In the early nineteenth century education was provided by a variety of different schools. Ragged schools provided a basic education to poor children living in towns and cities. Some factory and colliery owners ran their own schools. Sunday schools were founded in 1785. Dame schools were run by women often with little education themselves, in a room in their own home and were really a type of childminding. Some schools, like the Old Church Schools in Moorfields, were founded by churches. As early as 1827 the Corporation provided two free Elementary schools, the North and South Corporation Schools. The Blue Coat School was founded in 1708 to help educate poor children.

However as late as the 1860's half the children in Britain did not go to school. Liverpool had particular problems as its population increased rapidly in the second half of the nineteenth century. Many of these people were very poor. They could not afford to pay for their children to go to school and needed them to earn some money from working.

H370EDU
Minutes of the meeting of
the Liverpool School Board
1st December 1873.

This situation changed after the Education Act 1870 when the Liverpool School Board was set up.

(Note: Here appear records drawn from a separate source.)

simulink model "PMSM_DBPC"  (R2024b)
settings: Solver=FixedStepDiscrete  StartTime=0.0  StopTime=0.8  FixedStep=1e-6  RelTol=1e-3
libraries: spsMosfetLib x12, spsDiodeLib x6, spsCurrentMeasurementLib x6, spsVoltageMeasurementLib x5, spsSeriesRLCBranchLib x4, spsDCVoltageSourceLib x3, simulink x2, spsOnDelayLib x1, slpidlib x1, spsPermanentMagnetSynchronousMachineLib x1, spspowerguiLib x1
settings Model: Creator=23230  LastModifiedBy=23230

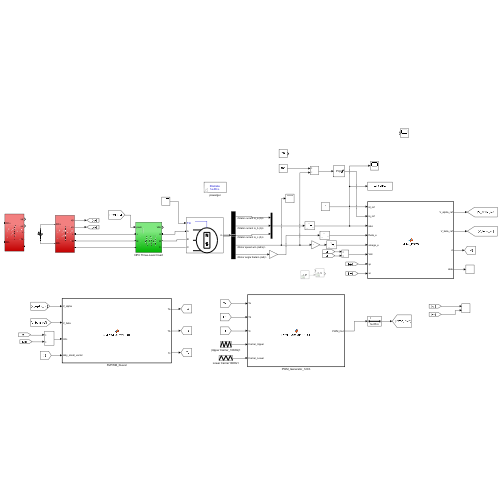
[thumbnail: Simulink's stored preview of the top-level diagram]
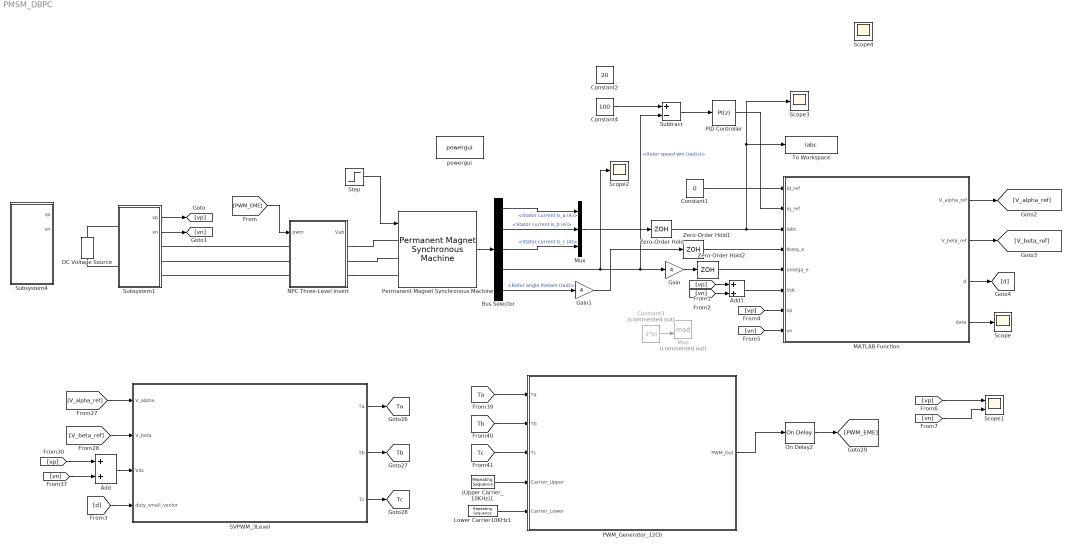
== system PMSM_DBPC ==
  (Upper Carrier_10KHz)1 : simulink/Sources/Repeating Sequence  rep_seq_t=[0, 5e-5, 1e-4]  rep_seq_y=[0.5, 1, 0.5]
  Add : Sum
  Add1 : Sum
  Bus Selector : BusSelector  OutputSignals=Stator current is_a (A),Stator current is_b (A),Stator current is_c (A),Rotor speed wm (rad/s),Rotor angle thetam (rad)
  Constant1 : Constant  Value=0
  Constant2 : Constant  Value=20
  Constant3 : Constant  Commented=on  Value=2*pi
  Constant4 : Constant  Value=100
  DC Voltage Source : spsDCVoltageSourceLib/DC Voltage Source  Amplitude=600  Measurements=None
  Gain : Gain  Gain=4
  Gain1 : Gain  Gain=4
  Lower Carrier10KHz1 : simulink/Sources/Repeating Sequence  rep_seq_t=[0, 5e-5, 1e-4]  rep_seq_y=[0, 0.5, 0]
  MATLAB Function : MATLAB Function  TreatAsAtomicUnit=on
  Mod : Math  Commented=on  Operator=mod
  Mux : Mux  Inputs=3
  NPC Three-Level Invert : Subsystem
  On Delay2 : spsOnDelayLib/On Delay  DelayType=On delay  delay=1e-6  ic=0  Ts=0
  PID Controller : slpidlib/PID Controller  Controller=PI  Form=Parallel  TimeDomain=Discrete-time  UseExternalTs=off  SampleTime=-1  IntegratorMethod=Forward Euler  FilterMethod=Forward Euler  ControllerParametersSource=internal  P=5  I=50  UseKiTs=off  D=0  UseExternalDerivativeSource=off  N=100  UseFilter=on  TunerSelectOption=Transfer Function Based (PID Tuner App)  InitialConditionSource=internal  InitialConditionForIntegrator=0  InitialConditionForFilter=0  DifferentiatorICPrevScaledInput=0  ExternalReset=none  TrackingMode=off  Kt=1  LimitOutput=on  SatLimitsSource=internal  UpperSaturationLimit=40  LowerSaturationLimit=-40  LinearizeAsGain=on  AntiWindupMode=none  Kb=1  LimitIntegrator=off  UpperIntegratorSaturationLimit=inf  LowerIntegratorSaturationLimit=-inf  POutMin=[]  POutMax=[]  IOutMin=[]  IOutMax=[]  DOutMin=[]  DOutMax=[]  NOutMin=[]  NOutMax=[]  SumOutMin=[]  SumOutMax=[]  SaturationOutMin=[]  SaturationOutMax=[]  PParamMin=[]  PParamMax=[]  IParamMin=[]  IParamMax=[]  DParamMin=[]  DParamMax=[]  NParamMin=[]  NParamMax=[]  KbParamMin=[]  KbParamMax=[]  KtParamMin=[]  KtParamMax=[]  KbOutMin=[]  KbOutMax=[]  KtOutMin=[]  KtOutMax=[]  IntegratorOutMin=[]  IntegratorOutMax=[]  FilterOutMin=[]  FilterOutMax=[]  SumI1OutMin=[]  SumI1OutMax=[]  SumI2OutMin=[]  SumI2OutMax=[]  SumI3OutMin=[]  SumI3OutMax=[]  SumI4OutMin=[]  SumI4OutMax=[]  SumDOutMin=[]  SumDOutMax=[]  DifferentiatorOutMin=[]  DifferentiatorOutMax=[]  FilterDiffOutCoefMin=[]  FilterDiffOutCoefMax=[]  ReciprocalOutMin=[]  ReciprocalOutMax=[]  SumDenOutMin=[]  SumDenOutMax=[]  SumNumOutMin=[]  SumNumOutMax=[]  DivideOutMin=[]  DivideOutMax=[]  UdiffTsProdOutMin=[]  UdiffTsProdOutMax=[]  NTsProdOutMin=[]  NTsProdOutMax=[]  UintegralTsProdOutMin=[]  UintegralTsProdOutMax=[]  UngainTsProdOutMin=[]  UngainTsProdOutMax=[]  ClampingZeroOutDataTypeStr=Inherit: Inherit via back propagation  ClampingZeroOutMin=[]  ClampingZeroOutMax=[]  FilterDenConstantOutDataTypeStr=Inherit: Inherit via back propagation  FilterDenConstantOutMin=[]  FilterDenConstantOutMax=[]  PCopyOutDataTypeStr=Inherit: Inherit via back propagation  PCopyOutMin=[]  PCopyOutMax=[]  NCopyOutDataTypeStr=Inherit: Inherit via back propagation  NCopyOutMin=[]  NCopyOutMax=[]  IntegratorContinuousStateAttributes=''  IntegratorStateMustResolveToSignalObject=off  IntegratorRTWStateStorageClass=Auto  FilterContinuousStateAttributes=''  FilterStateMustResolveToSignalObject=off  FilterRTWStateStorageClass=Auto  ParallelPVariant=InternalParameters  IdealPVariant=Disabled  IVariant=InternalParameters  DVariant=Disabled  IntegratorVariant=Discrete  SatVariant=Enabled  AWVariant=Passthrough  PCopyVariant=Disabled  TRVariant=Disabled  FdbkBlocksVariant=Forward  IdealPFdbkVariant=Disabled  SatFdbkVariant=Disabled  DerivativeFilterVariant=Disabled  NVariant=Disabled  NCopyVariant=Disabled_SignalSpec  FilterICVariant=Disabled  IntegratorICVariant=InternalICs  ExternalResetVariant=Disabled  TRSumVariant=Passthrough  SumFdbkVariant=Disabled  SumVariant=Sum_PI  TsampFilterVariant=InternalTs  TsampNgainVariant=Passthrough  TsampIntegralVariant=Disabled_SignalSpec  ExternalSaturationOutDataTypeStr=Inherit: Same as second input  DerivativeSourceVariant=Disabled  PreIntVariant=InternalPreInt
  PWM_Generator_12Ch : MATLAB Function  TreatAsAtomicUnit=on
  Permanent Magnet Synchronous Machine : spsPermanentMagnetSynchronousMachineLib/Permanent Magnet Synchronous Machine  NbPhases=3  FluxDistribution=Sinusoidal  RotorType=Round  MechanicalLoad=Torque Tm  PresetModel=No  ShowDetailedParameters=on  MeasurementBus=off  Resistance=0.015  Inductance=8.5e-3  dqInductances=[8.5e-3,8.5e-3]  La=0.00025  MachineConstant=Flux linkage established by magnets (V.s)  Flux=0.08  VoltageCst=58.0416  TorqueCst=0.48  Flat=120  Mechanical=[0.0027 0.0004924 4 0]  PolePairs=4  InitialConditions=[0,0, 0,0]  InitialConditions5ph=[0 0 0 0 0 0]  RefAngle=Aligned with phase A axis (original Park)  IterativeDiscreteModel=Trapezoidal non iterative  TsBlock=-1  TsPowergui=0
  SVPWM_3Level : MATLAB Function  TreatAsAtomicUnit=on
  Scope{,2..4} (4 alike) : Scope
  Scope1 : Scope  NumInputPorts=2
  Step : Step  Time=0.15  Before=5  After=15  SampleTime=0
  Subsystem1 : Subsystem
  Subsystem4 : Subsystem
  Subtract : Sum  Inputs=+-
  To Workspace : ToWorkspace  VariableName=iabc  SaveFormat=Timeseries  SampleTime=-1
  Zero-Order Hold : ZeroOrderHold  SampleTime=1e-4
  Zero-Order Hold1 : ZeroOrderHold  SampleTime=1e-4
  Zero-Order Hold2 : ZeroOrderHold  SampleTime=1e-4
  powergui : spspowerguiLib/powergui  Priority=1  SimulationMode=Discrete  SampleTime=1e-6  frequency=60  Iterations=50  frequencyindice=0  Pbase=100e6  ErrMax=1e-4  UnitsV=kV  UnitsW=MW  buscounter=0  FunctionMessages=off  echomessages=off  EnableUseOfTLC=off  CurrentSourceSwitches=off  DisableSnubberDevices=off  DisableRonSwitches=off  DisableVfSwitches=off  DisplayEquations=off  AutomaticDiscreteSolvers=off  SolverType=Tustin/Backward Euler (TBE)  Interpol=off  ExternalGateDelay=off  methode=off  Ts=100  x0status=blocks  SPID=on  SwTol=0  HookPort=off  NonlinearTolerance=1e-4  nMaxIteration=100  ContinueOnMaxIteration=off  RestoreLinks=warning  ResistiveCurrentMeasurement=off  Frange=[0:2:500]  Ylog=off  Xlog=on  ShowGrid=off  save=off  variable=ZData  structure=0  ZoomFFT=off  StartTime=0.0  cycles=1  DisplayStyle=1  fundamental=60  FreqAxis=off  MaxFrequency=1000  frequencyindicesteady=1  RmsSteady=1  display=off
  tag scope: Ta=global, Tb=global, Tc=global
  wires:
  Constant1/1 -> MATLAB Function/1(id_ref)
  [vp] -> Add/1
  [vn] -> Add/2
  [V_beta_ref] -> SVPWM_3Level/2(V_beta)
  [V_alpha_ref] -> SVPWM_3Level/1(V_alpha)
  SVPWM_3Level/1(Ta) -> [Ta]
  SVPWM_3Level/3(Tc) -> [Tc]
  SVPWM_3Level/2(Tb) -> [Tb]
  Add/1 -> SVPWM_3Level/3(Vdc)
  [Tc] -> PWM_Generator_12Ch/3(Tc)
  Lower Carrier10KHz1/1 -> PWM_Generator_12Ch/5(Carrier_Lower)
  On Delay2/1 -> [PWM_EME]
  (Upper Carrier_10KHz)1/1 -> PWM_Generator_12Ch/4(Carrier_Upper)
  PWM_Generator_12Ch/1(PWM_Out) -> On Delay2/1
  [Ta] -> PWM_Generator_12Ch/1(Ta)
  [Tb] -> PWM_Generator_12Ch/2(Tb)
  [PWM_EME] -> NPC Three-Level Invert/1(pwm)
  Permanent Magnet Synchronous Machine/1 -> Bus Selector/1
  Bus Selector/1 -> Mux/1  "<Stator current is_a (A)>"
  Bus Selector/2 -> Mux/2  "<Stator current is_b (A)>"
  Bus Selector/3 -> Mux/3  "<Stator current is_c (A)>"
  Mux/1 -> Zero-Order Hold/1
  Bus Selector/4 -> Scope2/1, Subtract/2, Gain/1  "<Rotor speed wm (rad/s)>"
  Gain/1 -> Zero-Order Hold2/1
  Bus Selector/5 -> Gain1/1  "<Rotor angle thetam (rad)>"
  Constant3/1 -> Mod/2
  [d] -> SVPWM_3Level/4(duty_small_vector)
  MATLAB Function/1(V_alpha_ref) -> [V_alpha_ref]
  MATLAB Function/2(V_beta_ref) -> [V_beta_ref]
  MATLAB Function/4(data) -> Scope/1
  [vn] -> Add1/2
  [vp] -> Add1/1
  Add1/1 -> MATLAB Function/6(Vdc)
  Zero-Order Hold/1 -> To Workspace/1, Scope3/1, MATLAB Function/3(iabc)
  Zero-Order Hold1/1 -> MATLAB Function/4(theta_e)
  Zero-Order Hold2/1 -> MATLAB Function/5(omega_e)
  Gain1/1 -> Zero-Order Hold1/1
  Subsystem1/1(vp) -> [vp]
  Subsystem1/2(vn) -> [vn]
  MATLAB Function/3(d) -> [d]
  [vp] -> MATLAB Function/7(vp)
  [vn] -> MATLAB Function/8(vn)
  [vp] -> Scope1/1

This organisation could build and look after its own schools and many that they built are still used today. Schools were inspected to make sure that standards were maintained. By 1880 all children up to the age of 12 were supposed to go to school, although this was not easy to enforce. In 1876 forty thousand children still did not attend school in Liverpool. School fees were abolished in 1891. By 1902 School Boards were replaced by Local Education Authorities and Board Schools, as they were known, were renamed Council Schools.

Immediately after 1870 the emphasis had been on education for young children, but after 1902 more attention was given to extending secondary education for older children. By 1918 the school leaving age was 14 and it was not raised to 16 until 1965. School meals were first provided in 1906 and a school medical service in 1907. After 1944 secondary education for children over 11 was divided into grammar, technical and secondary modern schools. From the mid-1960's comprehensive schools, catering for children of all abilities, were increasingly common, although today ideas are changing again.